Srobona Mitra é Economista Sênior do Departamento da Europa do FMI, responsável pela equipe do Artigo IV da área do euro, e é Chefe de Missão para Andorra. Seu trabalho envolve questões relacionadas à estabilidade financeira, e já conduziu pesquisas sobre risco sistêmico, interconexão financeira, fluxos de capital e políticas macroprudenciais. Em cargos anteriores no Departamento de Mercados Monetários e de Capitais, liderou e participou de Programas de Avaliação do Setor Financeiro e missões de assistência técnica em vários países, além de liderar a redação de capítulos do Relatório sobre a Estabilidade Financeira Mundial. Também trabalhou como economista da equipe responsável pela Hungria e realizou estudos analíticos multinacionais sobre países europeus emergentes, inclusive para a publicação Perspectivas Econômicas Regionais: Europa. Doutorou-se em Economia pela Universidade de Washington em Seattle.
Andreas (Andy) Jobst é Economista Sênior do Departamento da Europa do FMI, onde cobre o setor financeiro, política monetária, política climática e supervisão macroprudencial para a área do euro. Anteriormente, participou das equipes responsáveis por Índia, Irlanda, Itália, Letônia, República Eslovaca e Suíça. Também atuou como um dos principais autores do Relatório sobre a Estabilidade Financeira Mundial e liderou, entre outros, os exercícios de teste de estresse (solvência/liquidez) como parte do Programa de Avaliação do Setor Financeiro (2005–2013) para a Alemanha, Bélgica, Espanha, Estados Unidos, RAE de Hong Kong e Reino Unido.
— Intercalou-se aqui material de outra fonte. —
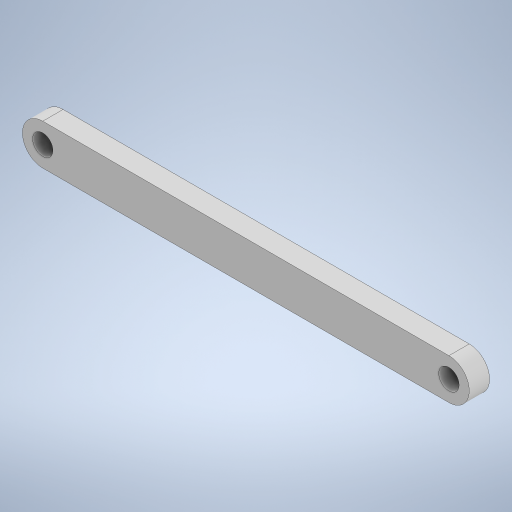
# Autodesk Inventor part: AB
Saved by Autodesk Inventor 2024 (Build 280153000, 153)
## iProperties
Created: 2025-09-18
Part Number: AB
Material: Generic
Document SubType Name: Modeling
Designer: Hello
Density: 1 g/cm^3
Appearance: Default
Author: Hello
Autodesk Inventor part; units mm, degrees
ref_plane "YZ Plane" through (0, 0, 0) normal (1, 0, 0) x (0, 1, 0)
ref_plane "XZ Plane" through (0, 0, 0) normal (0, 1, 0) x (-1, 0, 0)
ref_plane "XY Plane" through (0, 0, 0) normal (0, 0, 1) x (1, 0, 0)
sketch "Sketch1" plane through (0, 0, 0) normal (0, 0, 1) x (1, 0, 0)
  circle A0 centre (0, 0) radius 5
  arc A1 (0, 10) -> (0, -10) centre (0, 0) ccw
  line L0 (0, 0) -> (200, 0)
  circle A2 centre (200, 0) radius 5
  arc A3 (200, -10) -> (200, 10) centre (200, 0) ccw
  line L1 (0, 10) -> (200, 10)
  line L2 (0, -10) -> (200, -10)
  dimension "d0" = 10
  dimension "d1" = 20
  dimension "d2" = 200
  dimension "d3" = 10
  dimension "d4" = 20
  constraints: 6 end point, 4 centre point, 4 point on circle, 3 coincident, 2 tangent, 1 horizontal
  measures "d0" diameter of A0
  measures "d1" diameter of A1
  measures "d2" distance of L0.start L0.end
  measures "d3" diameter of A2
  measures "d4" diameter of A3
extrude "Extrusion1" add sketch "Sketch1" along normal blind 10
body "Solid1"

Ocupou altos cargos fora do FMI – como Assessor do Diretor Geral e CFO do Grupo Banco Mundial (2016–19), onde foi responsável pelo financiamento do desenvolvimento (com foco em infraestrutura), gestão de risco e a concepção e implementação de políticas financeiras e regulamentares (incluindo representações no G-20 e no Conselho de Estabilidade Financeira) e Economista Chefe e Subdiretor (Supervisão) da Autoridade Monetária das Bermudas (2011–14), onde implantou a estrutura de supervisão macroprudencial e assessorou o Ministério das Finanças sobre políticas fiscais. Durante este período, também foi copresidente de um grupo de trabalho da Associação Internacional de Supervisores de Seguros.
Andy Jobst também trabalhou na Federal Deposit Insurance Corporation, no Deutsche Bundesbank, no Banco Central Europeu, no Banco da Inglaterra e no Deutsche Bank (Londres) e foi assessor externo do Banco Europeu de Investimentos. Doutorou-se pela London School of Economics.
Aiko Mineshima é Economista Sênior do Departamento da Europa do FMI, onde é parte da equipe responsável pela Alemanha. Anteriormente, atuou no Departamento de Finanças Públicas do FMI, onde integrou a equipe de autores do Monitor Fiscal, bem como nos departamentos da Ásia e do Pacífico e do Oriente Médio e Ásia Central. Antes de ingressar no FMI, foi economista do Banco do Japão, com passagens prolongadas pelos Departamentos de Estudos Econômicos e Mercados Financeiros. Graduou-se pela Universidade de Columbia.